The expected answer is a copy of every line in the listing that has the word "lineweight".

[[ RECORDS SUPPLIED open ]]

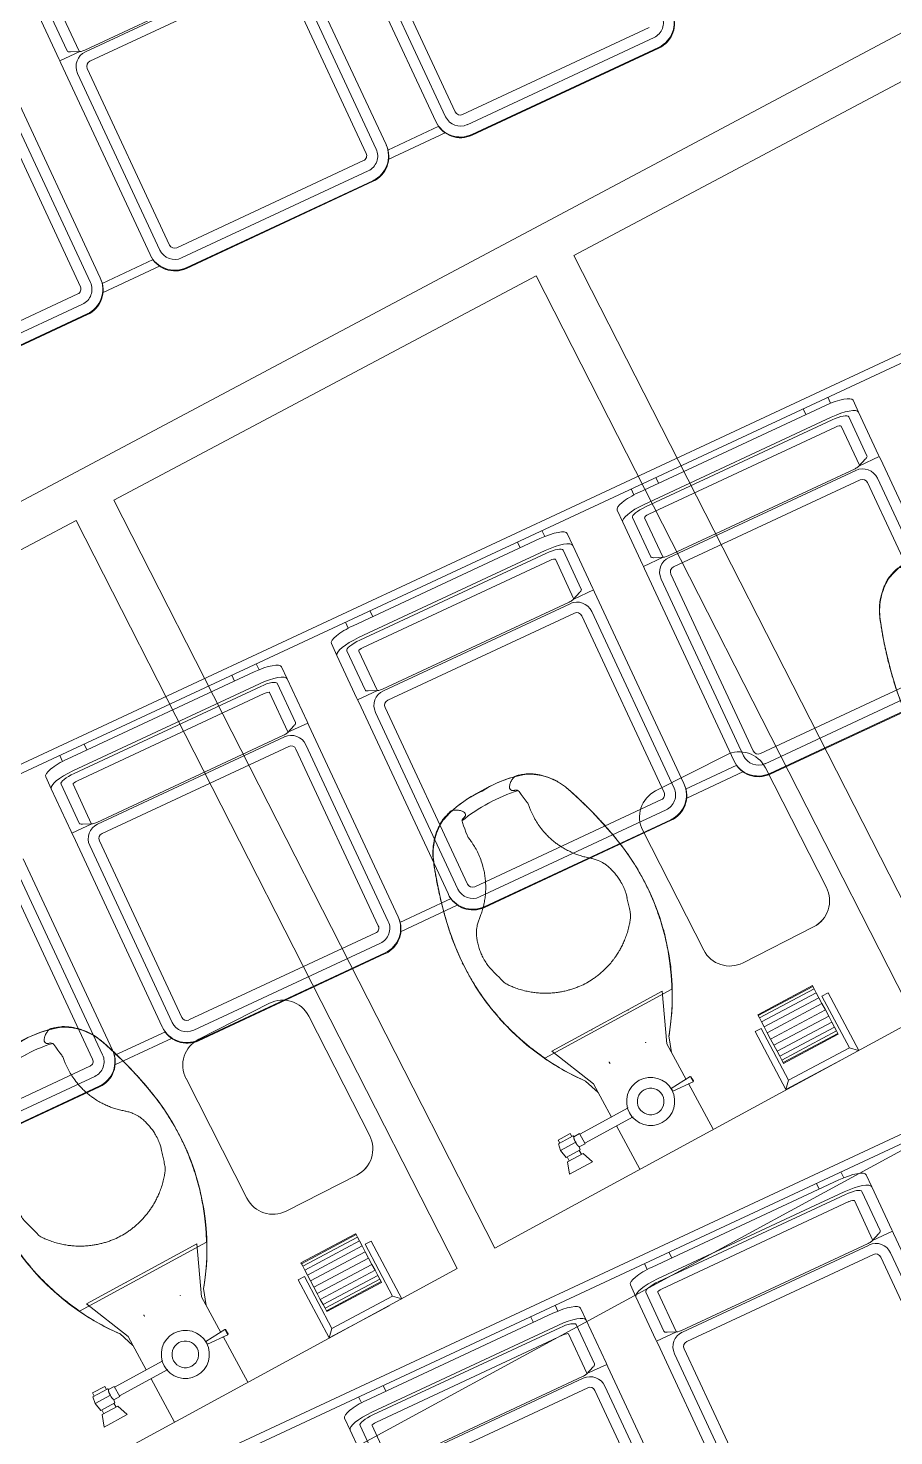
# Model space of a CAD drawing. Header units: metres. Extents: x -217 to -108, y -304 to -188.
# Drawn here: x -139.179 to -137.583, y -250.024 to -247.429 of the extents above; entities that cross this region are included whole.
import ezdxf

# ---------------------------------------------------------------- set-up
doc = ezdxf.new("R2010")
doc.units = ezdxf.units.M
for name, color, linetype, lineweight in [('A-FLOR', 192, 'Continuous', 9), ('A-WALL', 113, 'Continuous', 9), ('G-IMPT', 8, 'Continuous', 9), ('I-FURN', 30, 'Continuous', 9), ('I-WALL', 2, 'Continuous', 9), ('P-SANR-FIXT', 6, 'Continuous', 9), ('Q-SPCQ', 91, 'Continuous', 9)]:
    doc.layers.add(name, color=color, linetype=linetype, lineweight=lineweight)

# ---------------------------------------------------------------- blocks, each defined once
blk = doc.blocks.new('Toilet-Wall-Mounted-2_Reed - Toilet-Wall-Mounted-2-579224-Nivel 3')
at = {"layer": 'P-SANR-FIXT'}
for p, q in [((-0.0744, 0.7992), (-0.0735, 0.8055)), ((-0.0735, 0.8055), (-0.0726, 0.8118)), ((-0.0726, 0.8118), (-0.0717, 0.8181)), ((-0.0121, 0.8261), (-0.0172, 0.8262)), ((-0.007, 0.8262), (-0.0121, 0.8261)), ((0.0475, 0.8181), (0.0484, 0.8118)), ((0.0484, 0.8118), (0.0493, 0.8055)), ((0.0493, 0.8055), (0.0501, 0.7992)), ((-0.0752, 0.7935), (-0.0744, 0.7992)), ((0.0501, 0.7992), (0.051, 0.7935)), ((-0.1532, 0.5514), (-0.1552, 0.5583)), ((0.1309, 0.5583), (0.129, 0.5514)), ((-0.1482, 0.534), (-0.1503, 0.5413)), ((0.1261, 0.5413), (0.124, 0.534)), ((-0.1454, 0.3636), (0.1211, 0.3636)), ((0.1038, 0.369), (-0.128, 0.369)), ((-0.128, 0.369), (-0.0891, 0.2793)), ((-0.0446, 0.368), (-0.0446, 0.3677)), ((0.0649, 0.2793), (0.1038, 0.369)), ((-0.0997, 0.2907), (-0.0891, 0.261)), ((-0.0446, 0.2975), (-0.0446, 0.299)), ((0.0649, 0.261), (0.0754, 0.2907)), ((-0.0891, 0.2793), (-0.0891, 0.2094)), ((0.0649, 0.2046), (0.0649, 0.2793)), ((-0.199, 0.2129), (-0.2012, 0.2002)), ((-0.199, 0.2129), (-0.1681, 0.2129)), ((-0.1962, 0.2193), (-0.1962, 0.2129)), ((-0.1962, 0.2193), (-0.1708, 0.2193)), ((-0.1708, 0.2129), (-0.1708, 0.2193)), ((-0.1681, 0.2129), (-0.1685, 0.2129)), ((-0.1677, 0.2108), (-0.1681, 0.2129)), ((-0.1555, 0.2108), (-0.1677, 0.2108)), ((-0.1555, 0.1896), (-0.1555, 0.2108)), ((-0.0541, 0.2094), (-0.1555, 0.2094)), ((-0.2012, 0.2002), (-0.1984, 0.1839)), ((-0.2012, 0.2002), (-0.1693, 0.2002)), ((-0.1984, 0.1839), (-0.1687, 0.1839)), ((-0.1962, 0.1839), (-0.1962, 0.1757)), ((-0.1708, 0.1757), (-0.1708, 0.1839)), ((-0.1687, 0.1839), (-0.1677, 0.1896)), ((-0.1677, 0.1896), (-0.1555, 0.1896)), ((-0.1555, 0.191), (-0.0541, 0.191)), ((-0.0891, 0.191), (-0.0891, 0.1)), ((0.0741, 0.2059), (0.0327, 0.203)), ((0.0327, 0.203), (0.0327, 0.2002)), ((0.0327, 0.2002), (0.0327, 0.1975)), ((0.0327, 0.1975), (0.0741, 0.1946)), ((0.0649, 0.1), (0.0649, 0.1958)), ((0.0753, 0.2046), (0.0741, 0.2059)), ((0.0741, 0.2051), (0.0741, 0.2002)), ((0.0741, 0.2002), (0.0741, 0.1953)), ((0.0741, 0.1946), (0.0753, 0.1958)), ((0.0753, 0.2046), (0.0753, 0.2002)), ((0.0753, 0.2002), (0.0753, 0.1958)), ((-0.1998, 0.1757), (-0.2078, 0.1538)), ((-0.1998, 0.1757), (-0.1673, 0.1757)), ((-0.1593, 0.1538), (-0.1673, 0.1757)), ((-0.2078, 0.1538), (-0.1593, 0.1538))]:
    blk.add_line(p, q, dxfattribs=at)
at = {"layer": 'P-SANR-FIXT', "flags": 128}
for points in [[(-0.1528, 0.7796), (-0.1512, 0.7838), (-0.1494, 0.7878), (-0.1474, 0.7918), (-0.1453, 0.7958), (-0.143, 0.7996), (-0.1405, 0.8033), (-0.1379, 0.807), (-0.1352, 0.8105), (-0.1323, 0.8139), (-0.1293, 0.8172), (-0.1262, 0.8204), (-0.1229, 0.8235), (-0.1195, 0.8264), (-0.116, 0.8292), (-0.1124, 0.8318), (-0.1087, 0.8343), (-0.1049, 0.8366), (-0.1038, 0.8373)], [(-0.1038, 0.8373), (-0.1028, 0.8378), (-0.1017, 0.8384), (-0.1006, 0.8389), (-0.0995, 0.8393), (-0.0993, 0.8394)], [(-0.0993, 0.8394), (-0.0915, 0.8421), (-0.0836, 0.8445), (-0.0756, 0.8466), (-0.0675, 0.8483), (-0.0593, 0.8498), (-0.0511, 0.8509), (-0.0428, 0.8517), (-0.0346, 0.8521), (-0.0274, 0.8522)], [(-0.0274, 0.8522), (-0.0274, 0.8522), (-0.0274, 0.8522), (-0.0273, 0.8522), (-0.0272, 0.8522), (-0.0271, 0.8522), (-0.027, 0.8522), (-0.0268, 0.8522), (-0.0267, 0.8522), (-0.0264, 0.8522), (-0.0262, 0.8522), (-0.026, 0.8522), (-0.0257, 0.8522), (-0.0254, 0.8522), (-0.0251, 0.8522), (-0.0248, 0.8522), (-0.0244, 0.8522), (-0.024, 0.8522), (-0.0236, 0.8522), (-0.0232, 0.8522), (-0.0228, 0.8522), (-0.0223, 0.8522), (-0.0219, 0.8522), (-0.0214, 0.8522), (-0.0209, 0.8522), (-0.0204, 0.8522), (-0.0199, 0.8522), (-0.0193, 0.8522), (-0.0188, 0.8522), (-0.0182, 0.8522), (-0.0177, 0.8522), (-0.0171, 0.8522), (-0.0165, 0.8522), (-0.0159, 0.8522), (-0.0153, 0.8522), (-0.0147, 0.8522), (-0.0141, 0.8522), (-0.0135, 0.8522), (-0.0129, 0.8522), (-0.0123, 0.8522), (-0.0117, 0.8522), (-0.0111, 0.8522), (-0.0104, 0.8522), (-0.0098, 0.8522), (-0.0092, 0.8522), (-0.0086, 0.8522), (-0.008, 0.8522), (-0.0075, 0.8522), (-0.0069, 0.8522), (-0.0063, 0.8522), (-0.0057, 0.8522), (-0.0052, 0.8522), (-0.0047, 0.8522), (-0.0041, 0.8522), (-0.0036, 0.8522), (-0.0031, 0.8522), (-0.0026, 0.8522), (-0.0021, 0.8522), (-0.0017, 0.8522), (-0.0013, 0.8522), (-0.0008, 0.8522), (-0.0004, 0.8522), (0, 0.8522), (0.0003, 0.8522), (0.0007, 0.8522), (0.001, 0.8522), (0.0013, 0.8522), (0.0016, 0.8522), (0.0019, 0.8522), (0.0021, 0.8522), (0.0023, 0.8522), (0.0025, 0.8522), (0.0027, 0.8522), (0.0028, 0.8522), (0.0029, 0.8522), (0.003, 0.8522), (0.0031, 0.8522), (0.0032, 0.8522), (0.0032, 0.8522), (0.0032, 0.8522)], [(0.0032, 0.8522), (0.0115, 0.8521), (0.0197, 0.8516), (0.028, 0.8507), (0.0362, 0.8496), (0.0443, 0.8481), (0.0524, 0.8463), (0.0604, 0.8442), (0.0683, 0.8417), (0.0751, 0.8394)], [(0.0751, 0.8394), (0.0762, 0.8389), (0.0773, 0.8384), (0.0784, 0.8379), (0.0794, 0.8373), (0.0796, 0.8373)], [(0.0796, 0.8373), (0.0834, 0.835), (0.0872, 0.8325), (0.0908, 0.8299), (0.0943, 0.8272), (0.0977, 0.8243), (0.101, 0.8213), (0.1042, 0.8181), (0.1073, 0.8149), (0.1102, 0.8115), (0.1129, 0.808), (0.1156, 0.8044), (0.1181, 0.8006), (0.1204, 0.7968), (0.1226, 0.7929), (0.1246, 0.789), (0.1265, 0.7849), (0.1282, 0.7808), (0.1286, 0.7796)], [(-0.1881, 0.6529), (-0.182, 0.6822), (-0.1748, 0.7113), (-0.1664, 0.7401), (-0.1569, 0.7685), (-0.1528, 0.7796)], [(0.1286, 0.7796), (0.1386, 0.7513), (0.1474, 0.7227), (0.1551, 0.6937), (0.1616, 0.6644), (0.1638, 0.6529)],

[[ RECORDS SUPPLIED closed ]]

▶ [RESPONSE TO THE EXERCISE]:
for name, color, linetype, lineweight in [('A-FLOR', 192, 'Continuous', 9), ('A-WALL', 113, 'Continuous', 9), ('G-IMPT', 8, 'Continuous', 9), ('I-FURN', 30, 'Continuous', 9), ('I-WALL', 2, 'Continuous', 9), ('P-SANR-FIXT', 6, 'Continuous', 9), ('Q-SPCQ', 91, 'Continuous', 9)]:
    doc.layers.add(name, color=color, linetype=linetype, lineweight=lineweight)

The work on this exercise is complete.